[WORKING DATA]
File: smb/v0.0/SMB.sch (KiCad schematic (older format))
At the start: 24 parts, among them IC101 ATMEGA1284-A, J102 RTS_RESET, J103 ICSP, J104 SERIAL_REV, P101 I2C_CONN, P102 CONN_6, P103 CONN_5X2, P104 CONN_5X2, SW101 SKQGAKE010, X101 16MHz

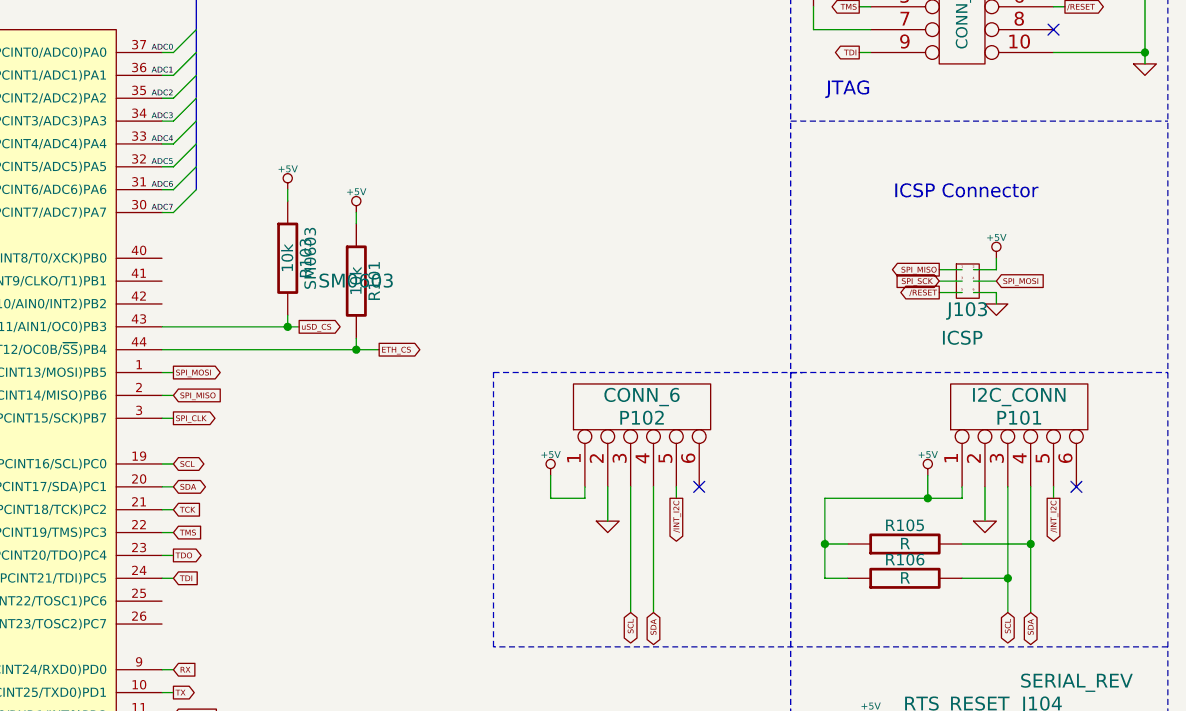
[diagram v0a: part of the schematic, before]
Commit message: Add /spare signal to the pin number 6 of the I2C connector Add silkscreen
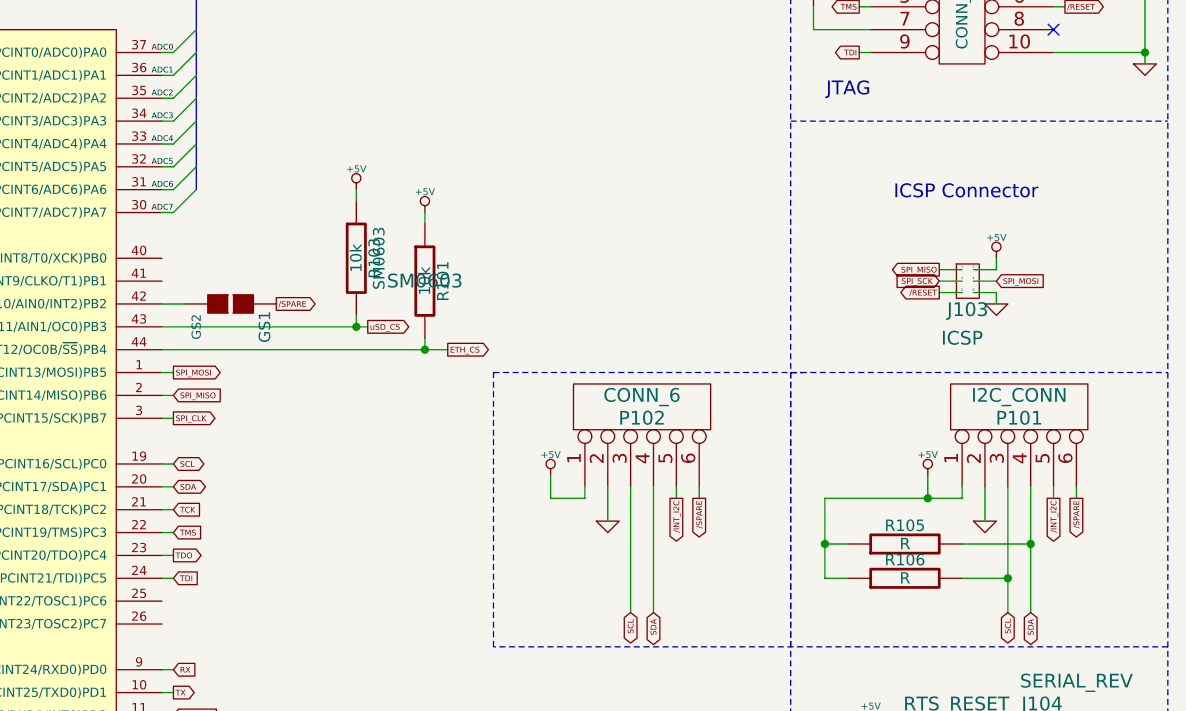
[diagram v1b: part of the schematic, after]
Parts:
- added GS1: GS2, symbol GS2
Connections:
- net at IC101.42 ((PCINT10/AIN0/INT2)PB2): now also GS1.2 (G2)
- net /SPARE: now reaches P101.6
- net /SPARE: now also P102.6, GS1.1 (G1)
- no-connect marks 3 -> 1
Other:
- moved on the sheet: R101, R103
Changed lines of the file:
@@
-EESchema Schematic File Version 2  date 09/08/2012 22:13:26
+EESchema Schematic File Version 2  date mer. 29 août 2012 13:03:19 CEST
 LIBS:power
 LIBS:device
@@
 EELAYER 25  0
 EELAYER END
-$Descr A4 11700 8267
+$Descr A4 11693 8268
 encoding utf-8
 Sheet 1 4
 Title ""
-Date "9 aug 2012"
+Date "29 aug 2012"
 Rev ""
 Comp ""
@@
 	6850 1750 6900 1750
 Wire Wire Line
-	6550 3400 7500 3400
+	6550 3400 7800 3400
 Wire Notes Line
 	10950 1400 10950 6150
@@
 	10150 4000 10150 4150
 Wire Wire Line
-	7100 2700 7100 2750
+	7400 2700 7400 2750
 Wire Notes Line
 	9300 2400 10950 2400
@@
 Wire Notes Line
 	9300 6150 10950 6150
-Connection ~ 7400 3400
-Wire Wire Line
-	7400 3350 7400 3400
+Connection ~ 7700 3400
+Wire Wire Line
+	7700 3350 7700 3400
 Wire Wire Line
 	6600 5100 6550 5100
@@
 	6600 4900 6550 4900
 Wire Wire Line
-	7400 2800 7400 2850
+	7700 2800 7700 2850
 Wire Wire Line
 	6600 4000 6550 4000
@@
 	9950 3050 10050 3050
 Wire Wire Line
-	7100 3250 7100 3300
-Connection ~ 7100 3300
+	7400 3250 7400 3300
+Connection ~ 7400 3300
 Wire Wire Line
 	9900 4050 9900 3950
@@
 	10450 1900 10500 1900
 Wire Wire Line
-	6550 3300 7150 3300
+	6550 3300 7450 3300
 Wire Wire Line
 	7700 1750 7750 1750
@@
 	1    0    0    -1
 $EndComp
-NoConn ~ 8900 4000
 $Comp
 L CONN_6 P102
@@
 	0    -1   -1   0
 $EndComp
-NoConn ~ 10550 4000
 $Comp
 L +5V #PWR08
@@
 L +5V #PWR010
 U 1 1 4FF09080
-P 7100 2700
-F 0 "#PWR010" H 7100 2790 20  0001 C CNN
-F 1 "+5V" H 7100 2790 30  0000 C CNN
-	1    7100 2700
+P 7400 2700
+F 0 "#PWR010" H 7400 2790 20  0001 C CNN
+F 1 "+5V" H 7400 2790 30  0000 C CNN
+	1    7400 2700
 	1    0    0    -1
 $EndComp
@@
 L R R103
 U 1 1 4FF09065
-P 7100 3000
-F 0 "R103" V 7180 3000 50  0000 C CNN
-F 1 "10k" V 7100 3000 50  0000 C CNN
-F 2 "SM0603" V 7200 3000 50  0000 C CNN
-	1    7100 3000
-	1    0    0    -1
-$EndComp
-Text GLabel 7150 3300 2    25   Output ~ 0
+P 7400 3000
+F 0 "R103" V 7480 3000 50  0000 C CNN
+F 1 "10k" V 7400 3000 50  0000 C CNN
+F 2 "SM0603" V 7500 3000 50  0000 C CNN
+	1    7400 3000
+	1    0    0    -1
+$EndComp
+Text GLabel 7450 3300 2    25   Output ~ 0
 uSD_CS
 $Sheet
@@
 L +5V #PWR015
 U 1 1 4FDE1AEF
-P 7400 2800
-F 0 "#PWR015" H 7400 2890 20  0001 C CNN
-F 1 "+5V" H 7400 2890 30  0000 C CNN
-	1    7400 2800
+P 7700 2800
+F 0 "#PWR015" H 7700 2890 20  0001 C CNN
+F 1 "+5V" H 7700 2890 30  0000 C CNN
+	1    7700 2800
 	1    0    0    -1
 $EndComp
@@
 L R R101
 U 1 1 4FA065D3
-P 7400 3100
-F 0 "R101" V 7480 3100 50  0000 C CNN
-F 1 "10k" V 7400 3100 50  0000 C CNN
-F 2 "SM0603" H 7400 3100 60  0000 C CNN
-	1    7400 3100
+P 7700 3100
+F 0 "R101" V 7780 3100 50  0000 C CNN
+F 1 "10k" V 7700 3100 50  0000 C CNN
+F 2 "SM0603" H 7700 3100 60  0000 C CNN
+	1    7700 3100
 	1    0    0    -1
 $EndComp
@@
 Text GLabel 6600 3500 2    25   Output ~ 0
 SPI_MOSI
-Text GLabel 7500 3400 2    25   Output ~ 0
+Text GLabel 7800 3400 2    25   Output ~ 0
 ETH_CS
 Text GLabel 6600 5100 2    25   Input ~ 0
@@
 	1    0    0    -1
 $EndComp
+$Comp
+L GS2 GS1
+U 1 1 503DF9F0
+P 6850 3200
+F 0 "GS1" H 6950 3350 50  0000 C CNN
+F 1 "GS2" H 6950 3051 40  0000 C CNN
+	1    6850 3200
+	0    1    1    0
+$EndComp
+Wire Wire Line
+	6550 3200 6650 3200
+Text GLabel 7050 3200 2    25   Output ~ 0
+/SPARE
+Text GLabel 8900 4050 3    25   Output ~ 0
+/SPARE
+Text GLabel 10550 4050 3    25   Output ~ 0
+/SPARE
+Wire Wire Line
+	8900 4000 8900 4050
+Wire Wire Line
+	10550 4000 10550 4050
 $EndSCHEMATC
[/WORKING DATA]
### TASK OBJECTIVE
In the entries above, find the line that contains "- moved on the sheet: R101, R103", then repeat exactly every line from the first one through that line, with no pictures.

### OUTPUT FOR THIS EXERCISE
File: smb/v0.0/SMB.sch (KiCad schematic (older format))
At the start: 24 parts, among them IC101 ATMEGA1284-A, J102 RTS_RESET, J103 ICSP, J104 SERIAL_REV, P101 I2C_CONN, P102 CONN_6, P103 CONN_5X2, P104 CONN_5X2, SW101 SKQGAKE010, X101 16MHz

[diagram v0a: part of the schematic, before]
Commit message: Add /spare signal to the pin number 6 of the I2C connector Add silkscreen
[diagram v1b: part of the schematic, after]
Parts:
- added GS1: GS2, symbol GS2
Connections:
- net at IC101.42 ((PCINT10/AIN0/INT2)PB2): now also GS1.2 (G2)
- net /SPARE: now reaches P101.6
- net /SPARE: now also P102.6, GS1.1 (G1)
- no-connect marks 3 -> 1
Other:
- moved on the sheet: R101, R103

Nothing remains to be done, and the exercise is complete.